In 2013, then-Prime Minister Tony Abbott launched a “war on red tape and green tape”, which he claimed was “suffocating” Australian businesses. The Coalition government even announced a special cutting of red tape day.
No doubt Abbott was able to point to some idiotic and bureaucratic regulations to win public support for cutting so-called red tape that was actually protecting the public or the environment, to allow the corporate rich to pillage and plunder.
But this drive to cut red tape did not begin with Abbott. It began in the 1980s when the Bob Hawke Labor government, followed by the John Howard Coalition government, followed the lead of Margaret Thatcher’s Tory government in Britain by privatising and deregulating the economy.
One of the areas to be deregulated was the building industry.
People often have a naïve belief that governments are looking after safety standards of roads, bridges, buildings, food and other basic aspects of society. Even many conservative people want governments to ensure the profit-making imperative of big corporations does not jeopardise public safety.
But this is not always the case, especially since deregulation came in.
Who would have thought a prestigious building such as the 36-floor Opal Tower would crack because it had been built using “lower strength concrete” with “under-designed” critical support beams.
Hundreds of residents had to be evacuated on Christmas Eve when the building cracked. More than 200 apartments are still empty, with residents too scared to return and living in temporary accommodation.
Numerous deficiencies were revealed in a NSW government report released on February 22. During the construction of the Opal Tower, worried construction workers raised issues about the construction methods, but were ignored.
Meanwhile, the Victorian government has completed an audit of the huge signs on freeways and tollways after a sign fell on top of a car in January. The audit found three signs, including the one that fell on the car, had been installed without a steel plate.
Once, there was a strict inspection system so a huge freeway sign could not be installed while missing a steel plate.

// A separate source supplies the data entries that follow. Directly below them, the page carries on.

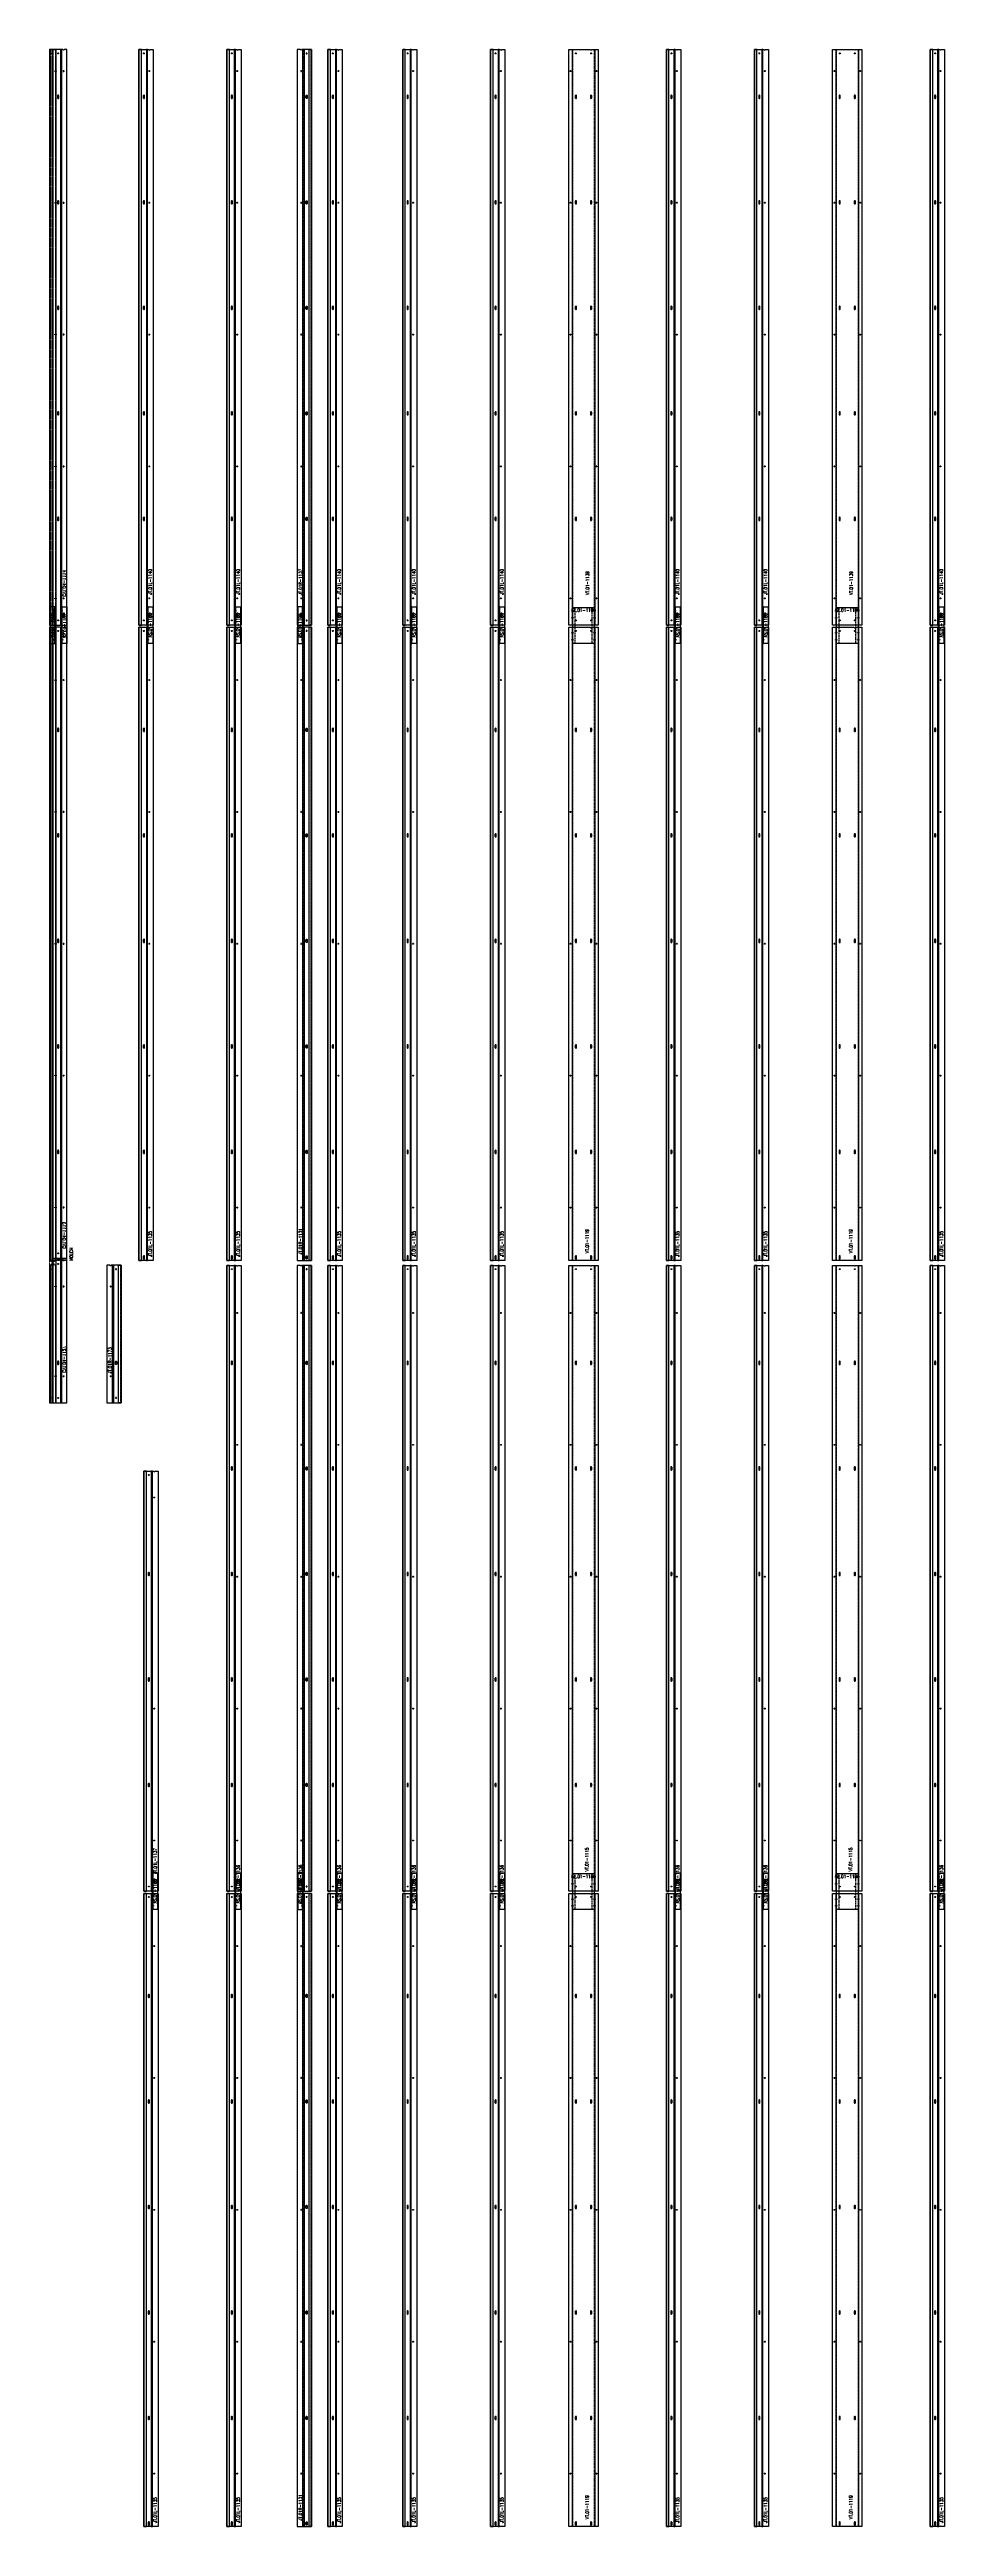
# Model space of a CAD drawing. Header units: inches. Extents: x 11737 to 18084, y -4365 to 1695.
# Drawn here: x 16953 to 17156, y 644 to 1207 of the extents above; entities that cross this region are included whole.
import ezdxf

# ---------------------------------------------------------------- set-up
doc = ezdxf.new("R2010")
doc.units = ezdxf.units.IN
doc.header["$MEASUREMENT"] = 0
for name, pattern in [('NBK_Center', [0.541667, 0.333333, -0.0625, 0.083333, -0.0625]), ('NBK_Center2', [0.270833, 0.166667, -0.03125, 0.041667, -0.03125]), ('NBK_Hidden', [0.125, 0.083333, -0.041667]), ('NBK_Hidden2', [0.0625, 0.041667, -0.020833])]:
    doc.linetypes.add(name, pattern=pattern)
doc.layers.get('Defpoints').update_dxf_attribs({"color": 250, "lineweight": 0})
for name, color, linetype, lineweight in [('!Bracket', 11, 'Continuous', 25), ('!Clip - bent', 20, 'Continuous', 25), ('!Dimension', 50, 'Continuous', 5), ('!Extrusion', 140, 'Continuous', 25), ('!Linetype_Center', 220, 'NBK_Center', 9), ('!Linetype_Center2', 222, 'NBK_Center2', 9), ('!Misc2', 252, 'NBK_Hidden2', 5)]:
    doc.layers.add(name, color=color, linetype=linetype, lineweight=lineweight)
doc.styles.add('Romans', font='romans.shx', dxfattribs={"width": 0.8})

# ---------------------------------------------------------------- blocks, each defined once
blk = doc.blocks.new('WEEP HOLE')
at = {"layer": '!Linetype_Center'}
for p, q in [((-0.22, 0.37), (0.22, 0.37)), ((0, 0.83), (0, -0.08))]:
    blk.add_line(p, q, dxfattribs=at)
at = {"color": 0}
blk.add_lwpolyline([(-0.14, 0.61), (-0.14, 0.14, 0.414214), (0, 0, 0.414214), (0.14, 0.14), (0.14, 0.61, 0.414214), (0, 0.75, 0.414214)], format="xyb", close=True, dxfattribs=at)
blk = doc.blocks.new('19mm WEEP HOLE')
at = {"layer": '!Linetype_Center'}
blk.add_line((-0.37, 0.2), (-0.37, -0.12), dxfattribs=at)
at = {"linetype": 'NBK_Hidden'}
blk.add_lwpolyline([(-0.75, 0.08), (0, 0.08), (0, 0), (-0.75, 0)], close=True, dxfattribs=at)
blk = doc.blocks.new('TAP HOLE_5mm')
at = {"layer": '!Linetype_Center2'}
for points in [[(-0.18, 0), (0.18, 0)], [(0, 0.18), (0, -0.18)]]:
    blk.add_lwpolyline(points, dxfattribs=at)
blk.add_circle((0, 0), 0.101)
blk = doc.blocks.new('CLEAR SECTION HOLE')
at = {"layer": '!Linetype_Center2'}
blk.add_line((-0.33, 0), (0.26, 0), dxfattribs=at)
at = {"layer": '!Misc2'}
blk.add_lwpolyline([(-0.08, 0.1), (0, 0.1), (0, -0.1), (-0.08, -0.1)], close=True, dxfattribs=at)
blk = doc.blocks.new('HOLE SECTION')
at = {"layer": '!Linetype_Center2'}
blk.add_line((-0.33, 0), (0.26, 0), dxfattribs=at)
at = {"layer": '!Misc2'}
blk.add_lwpolyline([(-0.09, 0.1), (0, 0.1), (0, -0.1), (-0.09, -0.1)], close=True, dxfattribs=at)
blk = doc.blocks.new('SECTION CLEAR HOLE 1')
at = {"layer": '!Linetype_Center2'}
blk.add_line((-0.33, 0, 0), (0.26, 0, 0), dxfattribs=at)
at = {"layer": '!Misc2'}
blk.add_lwpolyline([(-0.12, 0.1), (0, 0.1), (0, -0.1), (-0.12, -0.1)], close=True, dxfattribs=at)
blk = doc.blocks.new('SLOTTED SECTION1')
at = {"layer": '!Linetype_Center2'}
blk.add_lwpolyline([(-0.24, 0), (0.12, 0)], dxfattribs=at)
at = {"layer": '!Misc2'}
blk.add_lwpolyline([(-0.12, 0.47), (0, 0.47), (0, -0.47), (-0.12, -0.47)], close=True, dxfattribs=at)
blk = doc.blocks.new('SLOTTED HOLE 1')
at = {"layer": '!Linetype_Center'}
for p, q in [((0, 0.55), (0, -0.55)), ((-0.22, 0), (0.22, 0))]:
    blk.add_line(p, q, dxfattribs=at)
at = {"color": 0}
blk.add_lwpolyline([(-0.14, 0.33), (-0.14, -0.33, 0.414214), (0, -0.47, 0.414214), (0.14, -0.33), (0.14, 0.33, 0.414214), (0, 0.47, 0.414214)], format="xyb", close=True, dxfattribs=at)
blk = doc.blocks.new('SL.01-1101')
at = {"layer": '!Bracket'}
for points in [[(4.65, -1.3), (4.65, -0.12), (-3.67, -0.12), (-3.67, -1.3)], [(-3.67, -1.3), (-3.67, -1.18), (4.65, -1.18), (4.65, -1.3)]]:
    blk.add_lwpolyline(points, close=True, dxfattribs=at)
at = {"layer": '!Dimension', "xscale": -1, "rotation": 270}
for name, p in [('SECTION CLEAR HOLE 1', (-2.88, -1.18)), ('SECTION CLEAR HOLE 1', (-1.3, -1.18)), ('SLOTTED SECTION1', (2.15, -1.18)), ('SLOTTED SECTION1', (3.73, -1.18))]:
    blk.add_blockref(name, p, dxfattribs=at)
at = {"layer": '!Extrusion', "xscale": -1, "rotation": 270}
blk.add_blockref('TAP HOLE_5mm', (-2.09, -0.83), dxfattribs=at)
at = {"layer": '!Extrusion', "linetype": 'NBK_Hidden', "xscale": -1, "rotation": 270}
blk.add_blockref('SLOTTED HOLE 1', (2.75, -0.83), dxfattribs=at)
at = {"layer": 'Defpoints', "color": 30, "insert": (0.32, -0.6), "char_height": 0.75, "width": 1.65, "attachment_point": 5, "style": 'Romans'}
blk.add_mtext('AS.01-1101', dxfattribs=at)
blk = doc.blocks.new('AS.01-1100-')
at = {"layer": '!Bracket'}
for points in [[(4.65, 1.33), (4.65, 0.15), (-3.67, 0.15), (-3.67, 1.33)], [(-3.67, 1.33), (-3.67, 1.21), (4.65, 1.21), (4.65, 1.33)]]:
    blk.add_lwpolyline(points, close=True, dxfattribs=at)
at = {"layer": '!Dimension', "rotation": 270}
for name, p in [('SECTION CLEAR HOLE 1', (-2.09, 1.21)), ('SLOTTED SECTION1', (2.75, 1.21))]:
    blk.add_blockref(name, p, dxfattribs=at)
at = {"layer": '!Extrusion', "rotation": 270}
for p in [(-2.88, 0.86, 0), (-1.3, 0.86, 0)]:
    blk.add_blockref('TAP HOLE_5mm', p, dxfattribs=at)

In another Melbourne case, the Victorian Civil and Administrative Tribunal (VCAT) handed down a decision regarding the Lacrosse building. The Lacrosse building is notorious in Melbourne for a fire that engulfed the building after the flammable cladding on the outside caught fire.
The VCAT judge ordered the owners be paid $5.7 million in damages plus most of the balance of their $12.7 million claim. While this sounds like a lot of money, most of it will be eaten up by the cost of removing the flammable cladding.
The VCAT decision puts most of the responsibility on the fire engineer, the certifier and the architect. But the developer, LU Simon, got away relatively unscathed by only being forced to pay 3% of the damages.
But there is another culprit in these disasters. UNSW Adjunct Lecturer in Architecture Geoff Hanmer wrote in The Conversation:
“Those who eased the regulatory framework in place in Australia since the late 1980s, share culpability with the consultants for the fires at Lacrosse and Neo200. Until the early 1990s, Australian building codes prohibited the use of combustible elements on the facades of tall buildings. Throughout the 1990s, the then Building Code of Australia (now the National Construction Code or NCC) was relaxed to a ‘performance standard’, which allowed builders and consultants to believe aluminium composite panels and timber were permissible.
“By 2000, despite plenty of evidence that these panels were combustible and therefore not suitable as facade material on tall buildings, the market for them continued to grow. The Australian Building Codes Board did nothing about this, encouraging a potentially fatal error.”
Instead of using the National Construction Code to protect people from dodgy developers, the federal government has used it to attack workers and their unions by reducing workers’ rights on the job. This usually means a decline in safety.